### TASK OBJECTIVE
Where a line contains the word "units", copy that line from the records below.

BEGIN

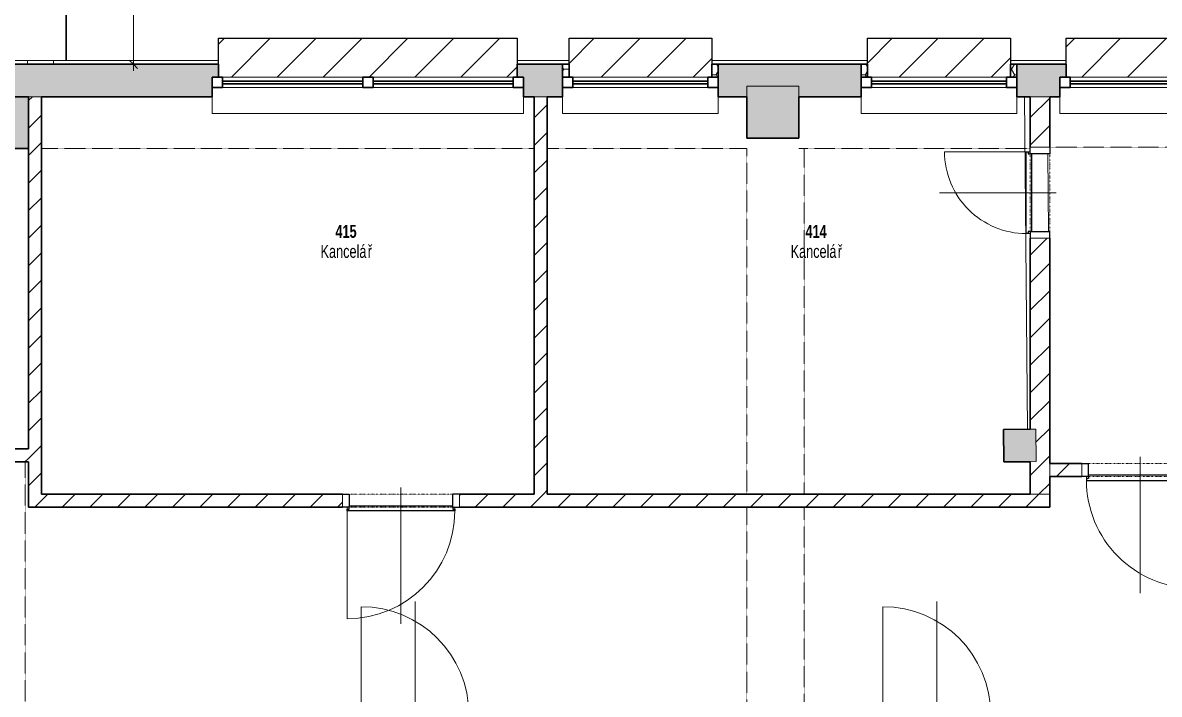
# Model space of a CAD drawing. Header units: millimetres. Extents: x 46521 to 257780, y -45352 to 20466.
# Drawn here: x 78109 to 86866, y -22094 to -16918 of the extents above; entities that cross this region are included whole.
import ezdxf

# ---------------------------------------------------------------- set-up
doc = ezdxf.new("R2010")
doc.units = ezdxf.units.MM
doc.linetypes.add('Dash dot dot', pattern=[5, 2, -1, 0, -1, 0, -1])
doc.linetypes.add('Čerchovaná se dvěma tečkami', pattern=[2.59, 1, -0.53, 0, -0.53, 0, -0.53])
for name, color, linetype, lineweight in [('A-ANNO-DIMS', 211, 'Continuous', 9), ('A-ANNO-DIMS-50', 211, 'Continuous', 9), ('A-AREA-IDEN', 2, 'Continuous', 9), ('A-DETL', 90, 'Continuous', 13), ('A-DOOR', 31, 'Continuous', 13), ('A-DOOR-FRAM', 31, 'Continuous', 25), ('A-GENM', 13, 'Continuous', 13), ('A-GLAZ', 151, 'Continuous', 13), ('A-ROOF', 132, 'Continuous', 13), ('A-WALL', 113, 'Continuous', 13), ('A-WALL-PATT', 111, 'Continuous', 35), ('Q-SPCQ', 91, 'Continuous', 13), ('S-COLS', 52, 'Continuous', 13)]:
    doc.layers.add(name, color=color, linetype=linetype, lineweight=lineweight)
doc.styles.add('Arial_2', font='arial.ttf', dxfattribs={"width": 0.7, "height": 100})
doc.styles.add('Arial_B', font='arialbd.ttf', dxfattribs={"width": 0.7, "height": 100})
doc.dimstyles.new('Vnitřní_-_průhledné', dxfattribs={"dimscale": 304.8, "dimtxt": 102.02594, "dimasz": 0.213255, "dimexe": 0.164042, "dimexo": 0.0625, "dimgap": 0.032808, "dimtad": 1, "dimdec": 0, "dimrnd": 5, "dimzin": 0, "dimdsep": 46, "dimtxsty": 'Arial_2', "dimblk1": 'OBLIQUE', "dimblk2": 'OBLIQUE', "dimsah": 1, "dimcen": 0.09, "dimdle": 0.164042, "dimazin": 0, "dimtfac": 1, "dimtdec": 4, "dimtix": 1, "dimtmove": 0, "dimatfit": 3, "dimfxl": 0.492126, "dimfxlon": 1, "dimtvp": 1, "dimtolj": 1, "dimtzin": 0, "dimarcsym": 2})
pattern_1 = [(45, (0, 0), (-106.06602, 106.06602), [])]

# ---------------------------------------------------------------- blocks, each defined once
blk = doc.blocks.new('DVERE_1k_oblozka - DD03_01_800x1970_koupelna-1549508-2NP_DEMOLICE B')
at = {"layer": 'A-DOOR'}
for p, q in [((0, -127.9), (0, 972.1)), ((-415, 72.1), (-415, 932.1)), ((305, 102.1), (-305, 102.1)), ((415, 102.1), (415, 72.1)), ((-400, 72.1), (-450, 72.1)), ((-450, 72.1), (-450, -77.9)), ((-400, -77.9), (-400, 72.1)), ((450, 72.1), (400, 72.1)), ((400, 72.1), (400, -77.9)), ((450, -77.9), (450, 72.1)), ((-450, -77.9), (-400, -77.9)), ((400, -77.9), (450, -77.9))]:
    blk.add_line(p, q, dxfattribs=at)
at = {"layer": 'A-DOOR', "lineweight": 25}
for p, q in [((415, 102.1), (-415, 102.1)), ((-415, 102.1), (-415, 87.1)), ((415, 87.1), (415, 102.1)), ((-415, 87.1), (-400, 87.1)), ((-400, 87.1), (-400, 72.1)), ((-400, 62.1), (400, 62.1)), ((400, 72.1), (400, 87.1)), ((400, 87.1), (415, 87.1))]:
    blk.add_line(p, q, dxfattribs=at)
at = {"layer": 'A-DOOR', "linetype": 'Čerchovaná se dvěma tečkami'}
for p, q in [((-400, 72.1), (400, 72.1)), ((-400, -77.9), (400, -77.9))]:
    blk.add_line(p, q, dxfattribs=at)
at = {"layer": 'A-DOOR'}
blk.add_arc((-415, 102.1), 830, 360, 90, dxfattribs=at)
at = {"layer": 'A-DOOR-FRAM'}
for p, q in [((-400, 72.1), (-450, 72.1)), ((-400, -77.9), (-400, 72.1)), ((400, 72.1), (400, -77.9)), ((400, 72.1), (450, 72.1)), ((-450, -77.9), (-400, -77.9)), ((450, -77.9), (400, -77.9))]:
    blk.add_line(p, q, dxfattribs=at)
blk = doc.blocks.new('DVERE_1k_oblozka - DD03_01_800x1970_koupelna-1549519-2NP_DEMOLICE B')
at = {"layer": 'A-DOOR'}
for p, q in [((0, 102.9), (0, -947.1)), ((-450, 52.9), (-400, 52.9)), ((-450, -47.1), (-450, 52.9)), ((-400, 52.9), (-400, -47.1)), ((400, 52.9), (450, 52.9)), ((400, -47.1), (400, 52.9)), ((450, 52.9), (450, -47.1)), ((-400, -47.1), (-450, -47.1)), ((-415, -47.1), (-415, -907.1)), ((305, -77.1), (-305, -77.1)), ((450, -47.1), (400, -47.1)), ((415, -77.1), (415, -47.1))]:
    blk.add_line(p, q, dxfattribs=at)
at = {"layer": 'A-DOOR', "linetype": 'Čerchovaná se dvěma tečkami'}
for p, q in [((-400, 52.9), (400, 52.9)), ((-400, -47.1), (400, -47.1))]:
    blk.add_line(p, q, dxfattribs=at)
at = {"layer": 'A-DOOR', "lineweight": 25}
for p, q in [((-415, -62.1), (-400, -62.1)), ((-415, -77.1), (-415, -62.1)), ((415, -77.1), (-415, -77.1)), ((-400, -37.1), (400, -37.1)), ((-400, -62.1), (-400, -47.1)), ((400, -47.1), (400, -62.1)), ((400, -62.1), (415, -62.1)), ((415, -62.1), (415, -77.1))]:
    blk.add_line(p, q, dxfattribs=at)
at = {"layer": 'A-DOOR'}
blk.add_arc((-415, -77.1), 830, 270, 0, dxfattribs=at)
at = {"layer": 'A-DOOR-FRAM'}
for p, q in [((-450, 52.9), (-400, 52.9)), ((-400, 52.9), (-400, -47.1)), ((400, -47.1), (400, 52.9)), ((450, 52.9), (400, 52.9)), ((-400, -47.1), (-450, -47.1)), ((400, -47.1), (450, -47.1))]:
    blk.add_line(p, q, dxfattribs=at)
blk = doc.blocks.new('DVERE_1k_oblozka - DD03_01_800x1970_koupelna-1549521-2NP_DEMOLICE B')
at = {"layer": 'A-DOOR'}
for p, q in [((-415, 47.1), (-415, 907.1)), ((0, -102.9), (0, 947.1)), ((-400, 47.1), (-450, 47.1)), ((-450, 47.1), (-450, -52.9)), ((-400, -52.9), (-400, 47.1)), ((305, 77.1), (-305, 77.1)), ((450, 47.1), (400, 47.1)), ((400, 47.1), (400, -52.9)), ((415, 77.1), (415, 47.1)), ((450, -52.9), (450, 47.1)), ((-450, -52.9), (-400, -52.9)), ((400, -52.9), (450, -52.9))]:
    blk.add_line(p, q, dxfattribs=at)
at = {"layer": 'A-DOOR', "lineweight": 25}
for p, q in [((415, 77.1), (-415, 77.1)), ((-415, 77.1), (-415, 62.1)), ((-415, 62.1), (-400, 62.1)), ((-400, 62.1), (-400, 47.1)), ((-400, 37.1), (400, 37.1)), ((400, 47.1), (400, 62.1)), ((400, 62.1), (415, 62.1)), ((415, 62.1), (415, 77.1))]:
    blk.add_line(p, q, dxfattribs=at)
at = {"layer": 'A-DOOR', "linetype": 'Čerchovaná se dvěma tečkami'}
for p, q in [((-400, 47.1), (400, 47.1)), ((-400, -52.9), (400, -52.9))]:
    blk.add_line(p, q, dxfattribs=at)
at = {"layer": 'A-DOOR'}
blk.add_arc((-415, 77.1), 830, 360, 90, dxfattribs=at)
at = {"layer": 'A-DOOR-FRAM'}
for p, q in [((-400, 47.1), (-450, 47.1)), ((-400, -52.9), (-400, 47.1)), ((400, 47.1), (400, -52.9)), ((400, 47.1), (450, 47.1)), ((-450, -52.9), (-400, -52.9)), ((450, -52.9), (400, -52.9))]:
    blk.add_line(p, q, dxfattribs=at)
blk = doc.blocks.new('DVERE_1k_oblozka - DD03_01_600x1970_koupelna-1549529-2NP_DEMOLICE B')
at = {"layer": 'A-DOOR'}
for p, q in [((0, 127.9), (0, -772.1)), ((-350, 77.9), (-300, 77.9)), ((-350, -72.1), (-350, 77.9)), ((-300, 77.9), (-300, -72.1)), ((300, 77.9), (350, 77.9)), ((300, -72.1), (300, 77.9)), ((350, 77.9), (350, -72.1)), ((-300, -72.1), (-350, -72.1)), ((-315, -72.1), (-315, -732.1)), ((350, -72.1), (300, -72.1)), ((315, -102.1), (315, -72.1)), ((205, -102.1), (-205, -102.1))]:
    blk.add_line(p, q, dxfattribs=at)
at = {"layer": 'A-DOOR', "linetype": 'Čerchovaná se dvěma tečkami'}
for p, q in [((-300, 77.9), (300, 77.9)), ((-300, -72.1), (300, -72.1))]:
    blk.add_line(p, q, dxfattribs=at)
at = {"layer": 'A-DOOR', "lineweight": 25}
for p, q in [((-315, -87.1), (-300, -87.1)), ((-315, -102.1), (-315, -87.1)), ((-300, -62.1), (300, -62.1)), ((-300, -87.1), (-300, -72.1)), ((300, -72.1), (300, -87.1)), ((300, -87.1), (315, -87.1)), ((315, -87.1), (315, -102.1)), ((315, -102.1), (-315, -102.1))]:
    blk.add_line(p, q, dxfattribs=at)
at = {"layer": 'A-DOOR'}
blk.add_arc((-315, -102.1), 630, 270, 0, dxfattribs=at)
at = {"layer": 'A-DOOR-FRAM'}
for p, q in [((-350, 77.9), (-300, 77.9)), ((-300, 77.9), (-300, -72.1)), ((300, -72.1), (300, 77.9)), ((350, 77.9), (300, 77.9)), ((-300, -72.1), (-350, -72.1)), ((300, -72.1), (350, -72.1))]:
    blk.add_line(p, q, dxfattribs=at)
blk = doc.blocks.new('OKNO_1k - OKNO_1k_1200x1500-2034293-2NP_DEMOLICE B')
at = {"layer": 'A-GLAZ'}
h = blk.add_hatch(dxfattribs=at)
h.set_pattern_fill('FP_64', color=256, style=0, pattern_type=2)
h.set_pattern_definition([(0, (-82868.374, 17363.343), (75, 43.3), [50, -100]), (60, (-82818.374, 17363.343), (0.0011, 86.601905), [50, -100]), (300, (-82818.374, 17363.343), (74.9989, -43.301905), [50, -100])])
h.paths.add_polyline_path([(600, 25), (600, 126), (550, 126), (550, 25)])
h.paths.add_polyline_path([(-600, 25), (-550, 25), (-550, 126), (-600, 126), (-600, 125)])
at = {"layer": 'A-GLAZ', "lineweight": 35}
for p, q in [((-550, 126), (-600, 126)), ((-600, 126), (-600, 125)), ((-550, 25), (-550, 126)), ((550, 126), (550, 25)), ((600, 126), (550, 126)), ((600, 125), (600, 126)), ((-600, 25), (-550, 25)), ((-520, 25), (-600, 25)), ((-520, -55), (-520, 25)), ((600, 25), (520, 25)), ((520, 25), (520, -55)), ((550, 25), (600, 25)), ((-600, -55), (-520, -55)), ((520, -5), (-520, -5)), ((-520, -5), (-520, -25)), ((-520, -25), (520, -25)), ((520, -25), (520, -5)), ((520, -55), (600, -55))]:
    blk.add_line(p, q, dxfattribs=at)
at = {"layer": 'A-GLAZ'}
for p, q in [((520, 25), (-520, 25)), ((-520, -55), (520, -55))]:
    blk.add_line(p, q, dxfattribs=at)
blk = doc.blocks.new('parapet s nosem_vnitní - parapet s nosem_vnitní-V30-2NP_DEMOLICE B')
at = {"layer": 'A-GENM'}
for p, q in [((-600, -190), (-600, -70)), ((600, -70), (600, -190)), ((-600, -190), (-600, -200)), ((-600, -200), (600, -200)), ((600, -200), (600, -190))]:
    blk.add_line(p, q, dxfattribs=at)
blk = doc.blocks.new('parapet_ext - parapet_ext-V31-2NP_DEMOLICE B')
at = {"layer": 'Q-SPCQ'}
h = blk.add_hatch(dxfattribs=at)
h.set_pattern_fill('FP_65', color=41, style=0, pattern_type=2)
h.set_pattern_definition([(45, (-82868.37, 17338.34), (-176.7767, 176.7767), [])])
h.paths.add_polyline_path([(550, 0), (550, 300), (-550, 300), (-550, 0), (520, 0)])
at = {"layer": 'Q-SPCQ', "color": 51, "lineweight": 25}
for p, q in [((-550, 101), (-550, 300)), ((-550, 300), (550, 300)), ((550, 300), (550, 101))]:
    blk.add_line(p, q, dxfattribs=at)
blk = doc.blocks.new('OKNO_1k - OKNO_1k_1200x1500-V32-2NP_DEMOLICE B')
at = {"layer": 'A-GLAZ'}
h = blk.add_hatch(dxfattribs=at)
h.set_pattern_fill('FP_66', color=256, style=0, pattern_type=2)
h.set_pattern_definition([(0, (-85168.374, 17363.343), (75, 43.3), [50, -100]), (60, (-85118.374, 17363.343), (0.0011, 86.601905), [50, -100]), (300, (-85118.374, 17363.343), (74.9989, -43.301905), [50, -100])])
h.paths.add_polyline_path([(550, 25), (600, 25), (600, 126), (550, 126), (550, 125)])
h.paths.add_polyline_path([(-600, 25), (-550, 25), (-550, 126), (-600, 126), (-600, 125)])
at = {"layer": 'A-GLAZ', "lineweight": 35}
for p, q in [((-550, 126), (-600, 126)), ((-600, 126), (-600, 125)), ((-550, 25), (-550, 126)), ((550, 126), (550, 25)), ((600, 126), (550, 126)), ((600, 125), (600, 126)), ((-600, 25), (-550, 25)), ((-520, 25), (-600, 25)), ((-520, -55), (-520, 25)), ((600, 25), (520, 25)), ((520, 25), (520, -55)), ((550, 25), (600, 25)), ((-600, -55), (-520, -55)), ((520, -5), (-520, -5)), ((-520, -5), (-520, -25)), ((-520, -25), (520, -25)), ((520, -25), (520, -5)), ((520, -55), (600, -55))]:
    blk.add_line(p, q, dxfattribs=at)
at = {"layer": 'A-GLAZ'}
for p, q in [((520, 25), (-520, 25)), ((-520, -55), (520, -55))]:
    blk.add_line(p, q, dxfattribs=at)
blk = doc.blocks.new('parapet_ext - parapet_ext-V33-2NP_DEMOLICE B')
at = {"layer": 'Q-SPCQ'}
h = blk.add_hatch(dxfattribs=at)
h.set_pattern_fill('FP_67', color=41, style=0, pattern_type=2)
h.set_pattern_definition([(45, (-85168.37, 17338.34), (-176.7767, 176.7767), [])])
h.paths.add_polyline_path([(-520, 0), (550, 0), (550, 300), (-550, 300), (-550, 0)])
at = {"layer": 'Q-SPCQ', "color": 51, "lineweight": 25}
for p, q in [((-550, 101), (-550, 300)), ((-550, 300), (550, 300)), ((550, 300), (550, 101))]:
    blk.add_line(p, q, dxfattribs=at)
blk = doc.blocks.new('OKNO_2k_ - OKNO_2k_2400 x 1500-1963719-2NP_DEMOLICE B')
at = {"layer": 'A-GLAZ'}
h = blk.add_hatch(dxfattribs=at)
h.set_pattern_fill('FP_68', color=256, style=0, pattern_type=2)
h.set_pattern_definition([(0, (-87298.374, 17363.343), (75, 43.3), [50, -100]), (60, (-87248.374, 17363.343), (0.0011, 86.601905), [50, -100]), (300, (-87248.374, 17363.343), (74.9989, -43.301905), [50, -100])])
h.paths.add_polyline_path([(1150.5, 125), (1200, 125), (1200, 126), (1150, 126), (1150, 125)])
h.paths.add_polyline_path([(-1150.5, 125), (-1150, 125), (-1150, 126), (-1200, 126), (-1200, 125)])
at = {"layer": 'A-GLAZ', "lineweight": 35}
for p, q in [((-1150, 126), (-1200, 126)), ((-1200, 126), (-1200, 125)), ((-1150, 125), (-1150, 126)), ((1150, 126), (1150, 125)), ((1200, 126), (1150, 126)), ((1200, 125), (1200, 126)), ((-1120, 25), (-1150, 25)), ((-1120, -55), (-1120, 25)), ((40, 25), (-40, 25)), ((-40, 25), (-40, -55)), ((40, -55), (40, 25)), ((1150, 25), (1120, 25)), ((1120, 25), (1120, -55)), ((-1200, -55), (-1120, -55)), ((-40, -5), (-1120, -5)), ((-1120, -5), (-1120, -25)), ((-1120, -25), (-40, -25)), ((-40, -25), (-40, -5)), ((-40, -55), (40, -55)), ((1120, -5), (40, -5)), ((40, -5), (40, -25)), ((40, -25), (1120, -25)), ((1120, -25), (1120, -5)), ((1120, -55), (1200, -55))]:
    blk.add_line(p, q, dxfattribs=at)
at = {"layer": 'A-GLAZ'}
for p, q in [((-40, 25), (-1120, 25)), ((1120, 25), (40, 25)), ((-1120, -55), (-40, -55)), ((40, -55), (1120, -55))]:
    blk.add_line(p, q, dxfattribs=at)
blk = doc.blocks.new('parapet s nosem_vnitní - parapet s nosem_vnitní-1280305-2NP_DEMOLICE B')
at = {"layer": 'A-GENM'}
for p, q in [((-1200, -190), (-1200, -70)), ((1200, -70), (1200, -190)), ((-1200, -190), (-1200, -200)), ((-1200, -200), (1200, -200)), ((1200, -200), (1200, -190))]:
    blk.add_line(p, q, dxfattribs=at)
blk = doc.blocks.new('parapet_ext - parapet_ext-V34-2NP_DEMOLICE B')
at = {"layer": 'Q-SPCQ'}
h = blk.add_hatch(dxfattribs=at)
h.set_pattern_fill('FP_69', color=41, style=0, pattern_type=2)
h.set_pattern_definition([(45, (-87298.37, 17338.34), (-176.7767, 176.7767), [])])
h.paths.add_polyline_path([(1150, 0), (1150, 300), (-1150, 300), (-1150, 0), (1120, 0)])
at = {"layer": 'Q-SPCQ', "color": 51, "lineweight": 25}
for p, q in [((-1150, 101), (-1150, 300)), ((-1150, 300), (1150, 300)), ((1150, 300), (1150, 101))]:
    blk.add_line(p, q, dxfattribs=at)
blk = doc.blocks.new('OKNO_2k_ - OKNO_2k_2400 x 1500-V54-2NP_DEMOLICE B')
at = {"layer": 'A-GLAZ'}
h = blk.add_hatch(dxfattribs=at)
h.set_pattern_fill('FP_90', color=256, style=0, pattern_type=2)
h.set_pattern_definition([(0, (-80768.374, 17363.343), (75, 43.3), [50, -100]), (60, (-80718.374, 17363.343), (0.0011, 86.601905), [50, -100]), (300, (-80718.374, 17363.343), (74.9989, -43.301905), [50, -100])])
h.paths.add_polyline_path([(1150.5, 125), (1200, 125), (1200, 126), (1150, 126), (1150, 125)])
h.paths.add_polyline_path([(-1150.5, 125), (-1150, 125), (-1150, 126), (-1200, 126), (-1200, 125)])
at = {"layer": 'A-GLAZ', "lineweight": 35}
for p, q in [((-1150, 126), (-1200, 126)), ((-1200, 126), (-1200, 125)), ((-1150, 125), (-1150, 126)), ((1150, 126), (1150, 125)), ((1200, 126), (1150, 126)), ((1200, 125), (1200, 126)), ((-1120, 25), (-1150, 25)), ((-1120, -55), (-1120, 25)), ((40, 25), (-40, 25)), ((-40, 25), (-40, -55)), ((40, -55), (40, 25)), ((1150, 25), (1120, 25)), ((1120, 25), (1120, -55)), ((-1200, -55), (-1120, -55)), ((-40, -5), (-1120, -5)), ((-1120, -5), (-1120, -25)), ((-1120, -25), (-40, -25)), ((-40, -25), (-40, -5)), ((-40, -55), (40, -55)), ((1120, -5), (40, -5)), ((40, -5), (40, -25)), ((40, -25), (1120, -25)), ((1120, -25), (1120, -5)), ((1120, -55), (1200, -55))]:
    blk.add_line(p, q, dxfattribs=at)
at = {"layer": 'A-GLAZ'}
for p, q in [((-40, 25), (-1120, 25)), ((1120, 25), (40, 25)), ((-1120, -55), (-40, -55)), ((40, -55), (1120, -55))]:
    blk.add_line(p, q, dxfattribs=at)
blk = doc.blocks.new('parapet_ext - parapet_ext-V55-2NP_DEMOLICE B')
at = {"layer": 'Q-SPCQ'}
h = blk.add_hatch(dxfattribs=at)
h.set_pattern_fill('FP_91', color=41, style=0, pattern_type=2)
h.set_pattern_definition([(45, (-80768.37, 17338.34), (-176.7767, 176.7767), [])])
h.paths.add_polyline_path([(1120, 0), (1150, 0), (1150, 300), (-1150, 300), (-1150, 0), (40, 0)])
at = {"layer": 'Q-SPCQ', "color": 51, "lineweight": 25}
for p, q in [((-1150, 101), (-1150, 300)), ((-1150, 300), (1150, 300)), ((1150, 300), (1150, 101))]:
    blk.add_line(p, q, dxfattribs=at)
blk = doc.blocks.new('Betonový čtvercový sloup - 400 x 400-1924018-2NP_DEMOLICE B')
at = {"layer": 'S-COLS'}
blk.add_hatch(color=9, dxfattribs=at).paths.add_polyline_path([(200, -200), (200, 200), (-200, 200), (-200, -200), (-95.4, -200)])
at = {"layer": 'S-COLS', "lineweight": 35}
for p, q in [((200, 200), (-200, 200)), ((-200, 200), (-200, -200)), ((200, -200), (200, 200)), ((-200, -200), (200, -200))]:
    blk.add_line(p, q, dxfattribs=at)
blk = doc.blocks.new('DIMBLOCK74-2NP_DEMOLICE B')
at = {"layer": 'A-ANNO-DIMS-50'}
for p, q in [((78961.5, -5226.6), (78811.5, -5226.6)), ((78961.5, -17288.3), (78961.5, -5176.6)), ((78961.5, -5226.6), (79011.5, -5226.6)), ((78961.5, -17238.3), (78811.5, -17238.3)), ((78961.5, -17238.3), (79011.5, -17238.3))]:
    blk.add_line(p, q, dxfattribs=at)
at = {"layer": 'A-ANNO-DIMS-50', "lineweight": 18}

END

### RESPONSE FOR THIS EXERCISE
# Model space of a CAD drawing. Header units: millimetres. Extents: x 46521 to 257780, y -45352 to 20466.
doc.units = ezdxf.units.MM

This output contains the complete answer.